(Stored items from a collection)
☆ ☆ ☆ ☆ ☆ ☆ ☆
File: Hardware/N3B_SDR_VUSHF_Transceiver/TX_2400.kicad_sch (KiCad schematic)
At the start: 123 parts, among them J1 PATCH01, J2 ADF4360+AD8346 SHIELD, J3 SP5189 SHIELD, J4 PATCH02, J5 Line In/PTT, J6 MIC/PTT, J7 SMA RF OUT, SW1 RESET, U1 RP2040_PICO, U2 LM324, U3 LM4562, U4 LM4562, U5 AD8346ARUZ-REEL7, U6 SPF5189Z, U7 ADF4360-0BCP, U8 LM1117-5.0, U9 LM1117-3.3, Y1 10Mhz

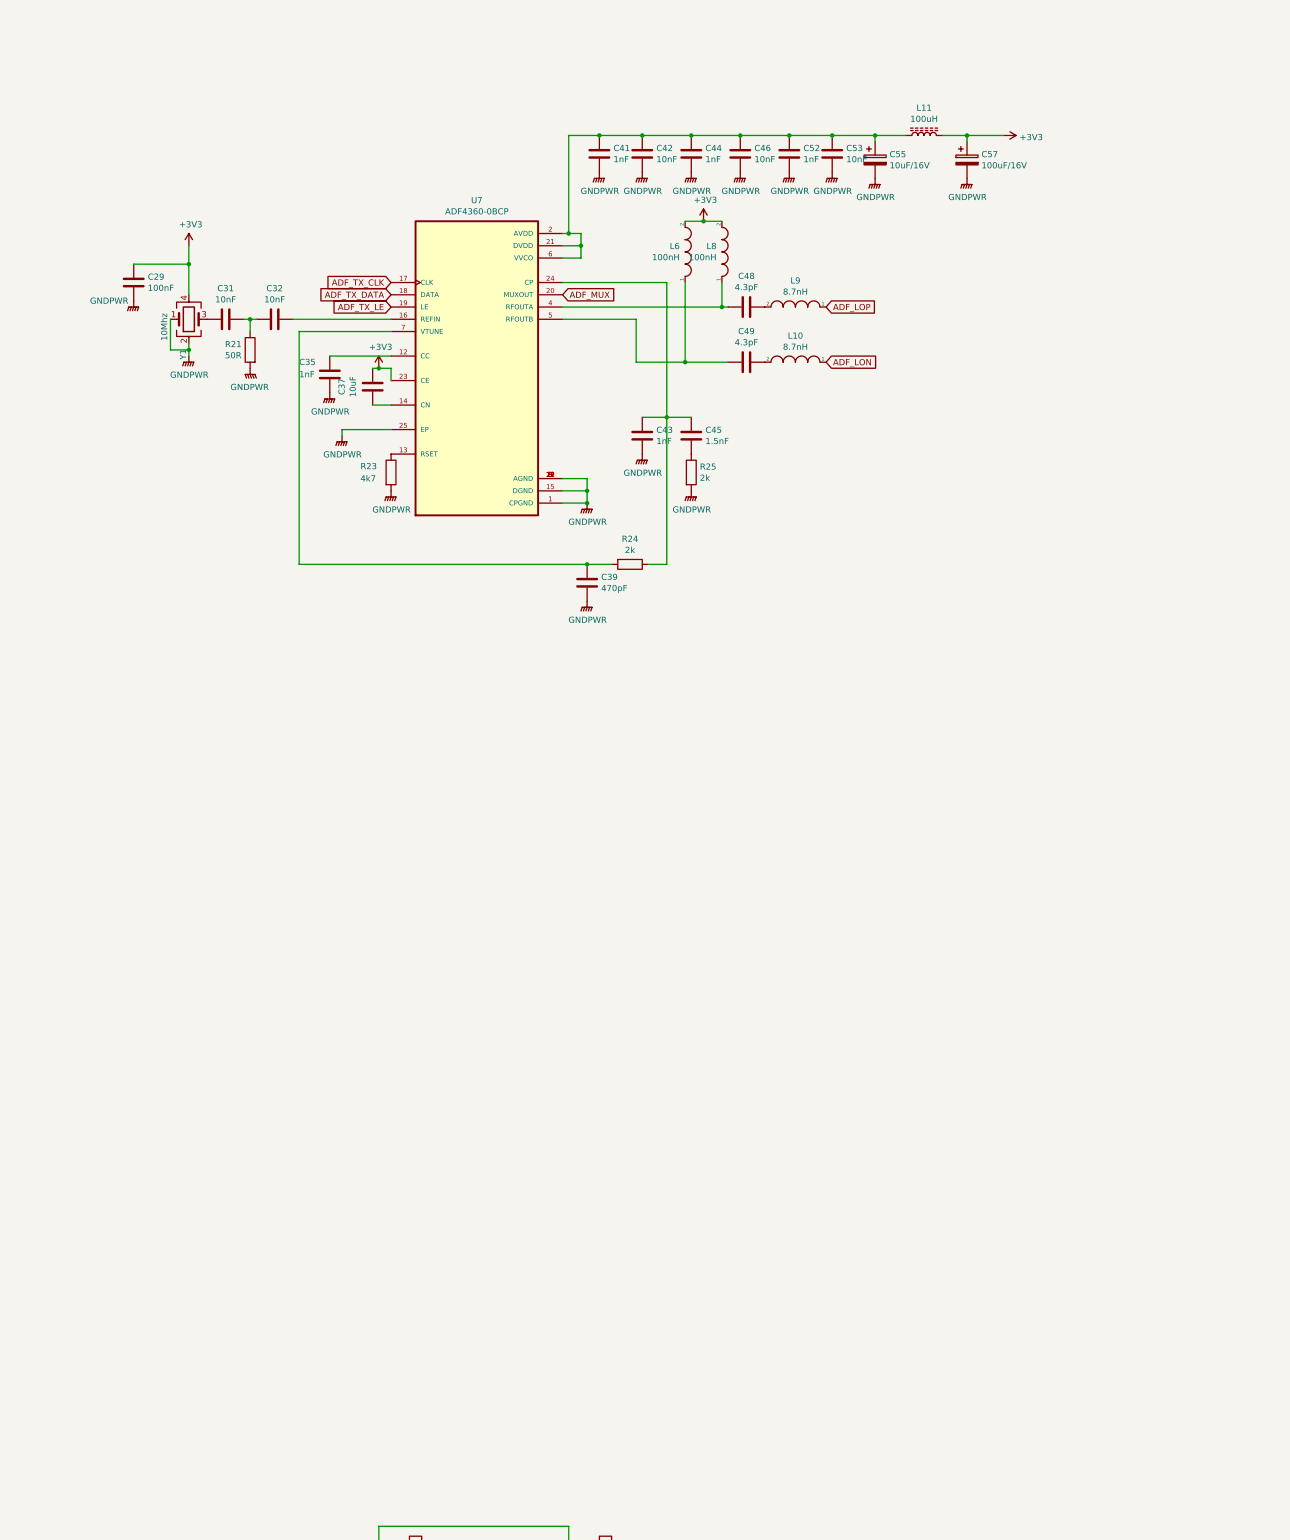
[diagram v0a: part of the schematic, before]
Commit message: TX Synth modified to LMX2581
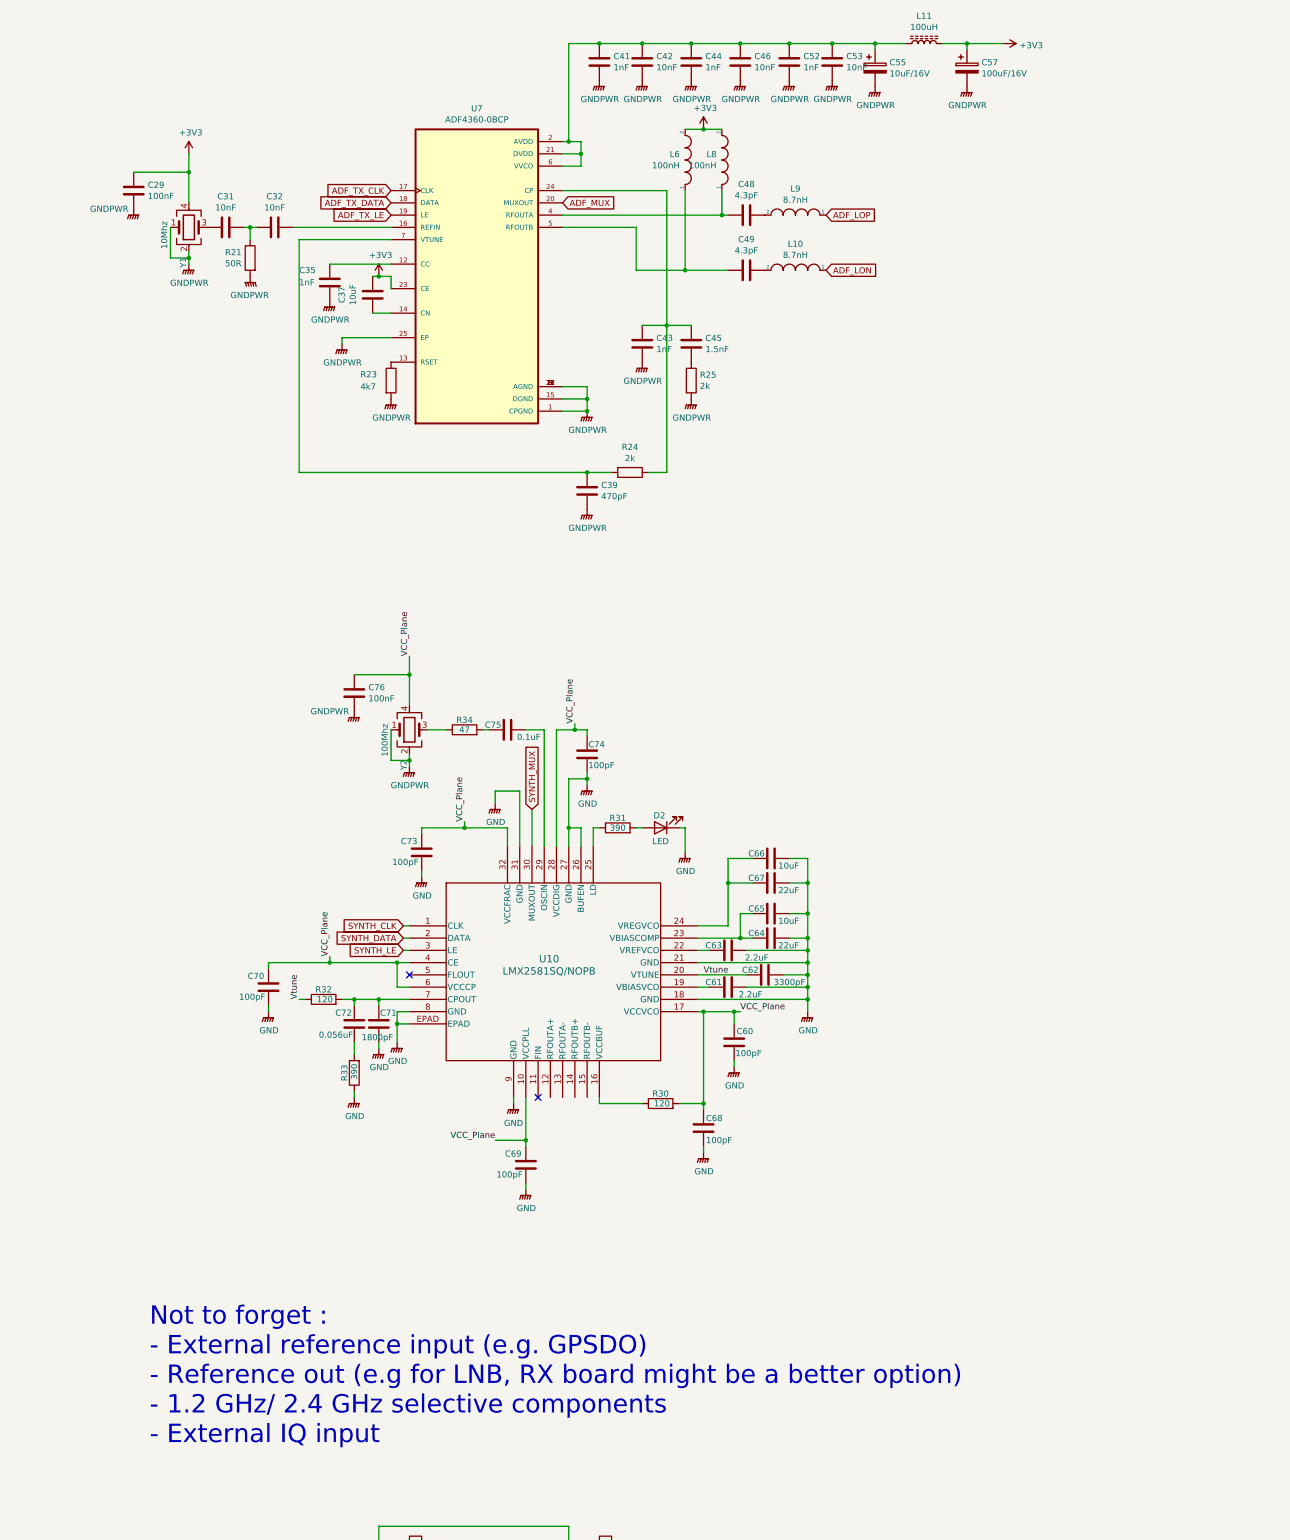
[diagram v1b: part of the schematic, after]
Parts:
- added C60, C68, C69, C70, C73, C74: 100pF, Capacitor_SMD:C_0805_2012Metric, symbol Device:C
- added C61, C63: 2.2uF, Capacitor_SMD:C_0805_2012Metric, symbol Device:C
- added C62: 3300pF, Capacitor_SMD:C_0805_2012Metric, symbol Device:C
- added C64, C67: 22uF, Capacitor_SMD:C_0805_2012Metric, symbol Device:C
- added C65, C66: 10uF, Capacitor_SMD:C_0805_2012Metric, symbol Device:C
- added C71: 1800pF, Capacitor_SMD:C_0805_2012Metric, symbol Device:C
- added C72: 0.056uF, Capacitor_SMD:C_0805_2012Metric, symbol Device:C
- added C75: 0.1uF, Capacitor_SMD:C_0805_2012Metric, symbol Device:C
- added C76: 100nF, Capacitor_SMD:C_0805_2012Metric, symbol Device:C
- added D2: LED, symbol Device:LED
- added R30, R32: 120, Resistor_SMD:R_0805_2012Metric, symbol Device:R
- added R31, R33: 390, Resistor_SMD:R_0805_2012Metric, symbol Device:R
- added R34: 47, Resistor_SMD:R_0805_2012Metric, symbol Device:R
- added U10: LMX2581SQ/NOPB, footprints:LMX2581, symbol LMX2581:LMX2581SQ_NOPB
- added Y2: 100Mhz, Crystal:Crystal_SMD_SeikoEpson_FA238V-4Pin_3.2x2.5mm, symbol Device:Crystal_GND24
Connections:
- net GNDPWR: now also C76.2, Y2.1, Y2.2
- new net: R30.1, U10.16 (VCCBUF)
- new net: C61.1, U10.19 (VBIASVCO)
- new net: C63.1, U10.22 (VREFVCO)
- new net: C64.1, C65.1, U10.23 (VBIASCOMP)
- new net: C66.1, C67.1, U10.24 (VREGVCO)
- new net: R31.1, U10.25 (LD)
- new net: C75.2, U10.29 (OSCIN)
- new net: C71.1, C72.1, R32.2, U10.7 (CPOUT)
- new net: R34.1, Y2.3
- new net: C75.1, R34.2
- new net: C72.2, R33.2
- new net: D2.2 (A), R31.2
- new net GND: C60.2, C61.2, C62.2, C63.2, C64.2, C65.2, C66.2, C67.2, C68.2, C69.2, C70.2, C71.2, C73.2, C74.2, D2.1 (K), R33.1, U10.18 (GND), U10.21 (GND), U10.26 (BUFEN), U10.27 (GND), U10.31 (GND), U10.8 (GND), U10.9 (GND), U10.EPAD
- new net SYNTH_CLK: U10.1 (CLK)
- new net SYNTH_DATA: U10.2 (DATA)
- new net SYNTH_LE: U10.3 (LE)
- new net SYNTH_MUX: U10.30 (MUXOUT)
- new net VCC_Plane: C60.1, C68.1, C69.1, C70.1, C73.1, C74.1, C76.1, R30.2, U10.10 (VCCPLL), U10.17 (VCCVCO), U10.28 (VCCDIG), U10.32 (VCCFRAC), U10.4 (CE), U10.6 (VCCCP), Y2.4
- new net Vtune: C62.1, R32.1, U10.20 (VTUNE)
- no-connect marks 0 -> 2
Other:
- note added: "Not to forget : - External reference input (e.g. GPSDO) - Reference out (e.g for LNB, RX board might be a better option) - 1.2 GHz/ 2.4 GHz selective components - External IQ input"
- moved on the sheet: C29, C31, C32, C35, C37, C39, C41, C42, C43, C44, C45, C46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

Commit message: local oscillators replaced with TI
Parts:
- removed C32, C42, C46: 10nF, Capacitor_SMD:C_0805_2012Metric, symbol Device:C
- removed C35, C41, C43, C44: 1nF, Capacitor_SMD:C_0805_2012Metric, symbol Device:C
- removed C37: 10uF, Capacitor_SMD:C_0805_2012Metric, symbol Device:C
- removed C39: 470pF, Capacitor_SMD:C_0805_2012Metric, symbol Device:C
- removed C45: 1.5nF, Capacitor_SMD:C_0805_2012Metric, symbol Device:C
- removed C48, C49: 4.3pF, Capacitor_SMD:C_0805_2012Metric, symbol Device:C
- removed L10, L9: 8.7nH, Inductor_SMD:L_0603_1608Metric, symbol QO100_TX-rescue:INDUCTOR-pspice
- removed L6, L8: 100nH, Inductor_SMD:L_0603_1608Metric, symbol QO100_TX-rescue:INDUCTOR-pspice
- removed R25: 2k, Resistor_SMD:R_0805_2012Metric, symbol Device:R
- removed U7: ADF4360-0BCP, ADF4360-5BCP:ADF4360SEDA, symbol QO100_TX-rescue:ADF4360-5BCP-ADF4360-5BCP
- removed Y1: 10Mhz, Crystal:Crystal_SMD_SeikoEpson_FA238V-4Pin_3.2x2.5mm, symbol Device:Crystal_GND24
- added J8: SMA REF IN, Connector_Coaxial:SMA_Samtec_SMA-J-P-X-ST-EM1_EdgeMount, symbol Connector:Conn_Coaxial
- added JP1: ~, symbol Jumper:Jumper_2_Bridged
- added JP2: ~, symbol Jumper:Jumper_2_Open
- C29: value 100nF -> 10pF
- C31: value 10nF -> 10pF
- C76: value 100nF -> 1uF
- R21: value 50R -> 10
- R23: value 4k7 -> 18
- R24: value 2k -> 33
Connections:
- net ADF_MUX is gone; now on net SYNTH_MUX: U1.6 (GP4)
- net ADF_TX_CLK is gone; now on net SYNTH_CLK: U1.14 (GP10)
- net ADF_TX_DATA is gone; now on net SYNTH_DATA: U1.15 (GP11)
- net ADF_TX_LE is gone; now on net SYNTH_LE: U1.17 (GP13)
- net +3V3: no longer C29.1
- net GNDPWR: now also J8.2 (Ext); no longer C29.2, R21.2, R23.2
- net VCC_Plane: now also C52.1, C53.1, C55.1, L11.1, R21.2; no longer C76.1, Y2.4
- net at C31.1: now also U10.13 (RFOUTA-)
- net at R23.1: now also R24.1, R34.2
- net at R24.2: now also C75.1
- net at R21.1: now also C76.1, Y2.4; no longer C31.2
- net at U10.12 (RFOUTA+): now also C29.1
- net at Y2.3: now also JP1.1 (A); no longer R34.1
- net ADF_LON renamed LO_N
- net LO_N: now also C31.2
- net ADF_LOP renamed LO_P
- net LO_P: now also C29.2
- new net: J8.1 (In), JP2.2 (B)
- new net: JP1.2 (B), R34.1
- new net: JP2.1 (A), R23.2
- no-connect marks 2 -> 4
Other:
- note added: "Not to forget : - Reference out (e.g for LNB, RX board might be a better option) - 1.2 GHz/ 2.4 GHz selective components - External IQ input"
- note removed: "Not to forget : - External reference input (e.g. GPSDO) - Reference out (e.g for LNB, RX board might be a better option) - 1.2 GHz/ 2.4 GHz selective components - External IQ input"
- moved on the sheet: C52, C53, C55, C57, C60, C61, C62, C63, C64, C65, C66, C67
☆ ☆ ☆ ☆ ☆ ☆ ☆
• [Work instruction]
The records above are to be transcribed in full, with images omitted.

• [Exercise response]
File: Hardware/N3B_SDR_VUSHF_Transceiver/TX_2400.kicad_sch (KiCad schematic)
At the start: 123 parts, among them J1 PATCH01, J2 ADF4360+AD8346 SHIELD, J3 SP5189 SHIELD, J4 PATCH02, J5 Line In/PTT, J6 MIC/PTT, J7 SMA RF OUT, SW1 RESET, U1 RP2040_PICO, U2 LM324, U3 LM4562, U4 LM4562, U5 AD8346ARUZ-REEL7, U6 SPF5189Z, U7 ADF4360-0BCP, U8 LM1117-5.0, U9 LM1117-3.3, Y1 10Mhz

[diagram v0a: part of the schematic, before]
Commit message: TX Synth modified to LMX2581
[diagram v1b: part of the schematic, after]
Parts:
- added C60, C68, C69, C70, C73, C74: 100pF, Capacitor_SMD:C_0805_2012Metric, symbol Device:C
- added C61, C63: 2.2uF, Capacitor_SMD:C_0805_2012Metric, symbol Device:C
- added C62: 3300pF, Capacitor_SMD:C_0805_2012Metric, symbol Device:C
- added C64, C67: 22uF, Capacitor_SMD:C_0805_2012Metric, symbol Device:C
- added C65, C66: 10uF, Capacitor_SMD:C_0805_2012Metric, symbol Device:C
- added C71: 1800pF, Capacitor_SMD:C_0805_2012Metric, symbol Device:C
- added C72: 0.056uF, Capacitor_SMD:C_0805_2012Metric, symbol Device:C
- added C75: 0.1uF, Capacitor_SMD:C_0805_2012Metric, symbol Device:C
- added C76: 100nF, Capacitor_SMD:C_0805_2012Metric, symbol Device:C
- added D2: LED, symbol Device:LED
- added R30, R32: 120, Resistor_SMD:R_0805_2012Metric, symbol Device:R
- added R31, R33: 390, Resistor_SMD:R_0805_2012Metric, symbol Device:R
- added R34: 47, Resistor_SMD:R_0805_2012Metric, symbol Device:R
- added U10: LMX2581SQ/NOPB, footprints:LMX2581, symbol LMX2581:LMX2581SQ_NOPB
- added Y2: 100Mhz, Crystal:Crystal_SMD_SeikoEpson_FA238V-4Pin_3.2x2.5mm, symbol Device:Crystal_GND24
Connections:
- net GNDPWR: now also C76.2, Y2.1, Y2.2
- new net: R30.1, U10.16 (VCCBUF)
- new net: C61.1, U10.19 (VBIASVCO)
- new net: C63.1, U10.22 (VREFVCO)
- new net: C64.1, C65.1, U10.23 (VBIASCOMP)
- new net: C66.1, C67.1, U10.24 (VREGVCO)
- new net: R31.1, U10.25 (LD)
- new net: C75.2, U10.29 (OSCIN)
- new net: C71.1, C72.1, R32.2, U10.7 (CPOUT)
- new net: R34.1, Y2.3
- new net: C75.1, R34.2
- new net: C72.2, R33.2
- new net: D2.2 (A), R31.2
- new net GND: C60.2, C61.2, C62.2, C63.2, C64.2, C65.2, C66.2, C67.2, C68.2, C69.2, C70.2, C71.2, C73.2, C74.2, D2.1 (K), R33.1, U10.18 (GND), U10.21 (GND), U10.26 (BUFEN), U10.27 (GND), U10.31 (GND), U10.8 (GND), U10.9 (GND), U10.EPAD
- new net SYNTH_CLK: U10.1 (CLK)
- new net SYNTH_DATA: U10.2 (DATA)
- new net SYNTH_LE: U10.3 (LE)
- new net SYNTH_MUX: U10.30 (MUXOUT)
- new net VCC_Plane: C60.1, C68.1, C69.1, C70.1, C73.1, C74.1, C76.1, R30.2, U10.10 (VCCPLL), U10.17 (VCCVCO), U10.28 (VCCDIG), U10.32 (VCCFRAC), U10.4 (CE), U10.6 (VCCCP), Y2.4
- new net Vtune: C62.1, R32.1, U10.20 (VTUNE)
- no-connect marks 0 -> 2
Other:
- note added: "Not to forget : - External reference input (e.g. GPSDO) - Reference out (e.g for LNB, RX board might be a better option) - 1.2 GHz/ 2.4 GHz selective components - External IQ input"
- moved on the sheet: C29, C31, C32, C35, C37, C39, C41, C42, C43, C44, C45, C46

Commit message: local oscillators replaced with TI
Parts:
- removed C32, C42, C46: 10nF, Capacitor_SMD:C_0805_2012Metric, symbol Device:C
- removed C35, C41, C43, C44: 1nF, Capacitor_SMD:C_0805_2012Metric, symbol Device:C
- removed C37: 10uF, Capacitor_SMD:C_0805_2012Metric, symbol Device:C
- removed C39: 470pF, Capacitor_SMD:C_0805_2012Metric, symbol Device:C
- removed C45: 1.5nF, Capacitor_SMD:C_0805_2012Metric, symbol Device:C
- removed C48, C49: 4.3pF, Capacitor_SMD:C_0805_2012Metric, symbol Device:C
- removed L10, L9: 8.7nH, Inductor_SMD:L_0603_1608Metric, symbol QO100_TX-rescue:INDUCTOR-pspice
- removed L6, L8: 100nH, Inductor_SMD:L_0603_1608Metric, symbol QO100_TX-rescue:INDUCTOR-pspice
- removed R25: 2k, Resistor_SMD:R_0805_2012Metric, symbol Device:R
- removed U7: ADF4360-0BCP, ADF4360-5BCP:ADF4360SEDA, symbol QO100_TX-rescue:ADF4360-5BCP-ADF4360-5BCP
- removed Y1: 10Mhz, Crystal:Crystal_SMD_SeikoEpson_FA238V-4Pin_3.2x2.5mm, symbol Device:Crystal_GND24
- added J8: SMA REF IN, Connector_Coaxial:SMA_Samtec_SMA-J-P-X-ST-EM1_EdgeMount, symbol Connector:Conn_Coaxial
- added JP1: ~, symbol Jumper:Jumper_2_Bridged
- added JP2: ~, symbol Jumper:Jumper_2_Open
- C29: value 100nF -> 10pF
- C31: value 10nF -> 10pF
- C76: value 100nF -> 1uF
- R21: value 50R -> 10
- R23: value 4k7 -> 18
- R24: value 2k -> 33
Connections:
- net ADF_MUX is gone; now on net SYNTH_MUX: U1.6 (GP4)
- net ADF_TX_CLK is gone; now on net SYNTH_CLK: U1.14 (GP10)
- net ADF_TX_DATA is gone; now on net SYNTH_DATA: U1.15 (GP11)
- net ADF_TX_LE is gone; now on net SYNTH_LE: U1.17 (GP13)
- net +3V3: no longer C29.1
- net GNDPWR: now also J8.2 (Ext); no longer C29.2, R21.2, R23.2
- net VCC_Plane: now also C52.1, C53.1, C55.1, L11.1, R21.2; no longer C76.1, Y2.4
- net at C31.1: now also U10.13 (RFOUTA-)
- net at R23.1: now also R24.1, R34.2
- net at R24.2: now also C75.1
- net at R21.1: now also C76.1, Y2.4; no longer C31.2
- net at U10.12 (RFOUTA+): now also C29.1
- net at Y2.3: now also JP1.1 (A); no longer R34.1
- net ADF_LON renamed LO_N
- net LO_N: now also C31.2
- net ADF_LOP renamed LO_P
- net LO_P: now also C29.2
- new net: J8.1 (In), JP2.2 (B)
- new net: JP1.2 (B), R34.1
- new net: JP2.1 (A), R23.2
- no-connect marks 2 -> 4
Other:
- note added: "Not to forget : - Reference out (e.g for LNB, RX board might be a better option) - 1.2 GHz/ 2.4 GHz selective components - External IQ input"
- note removed: "Not to forget : - External reference input (e.g. GPSDO) - Reference out (e.g for LNB, RX board might be a better option) - 1.2 GHz/ 2.4 GHz selective components - External IQ input"
- moved on the sheet: C52, C53, C55, C57, C60, C61, C62, C63, C64, C65, C66, C67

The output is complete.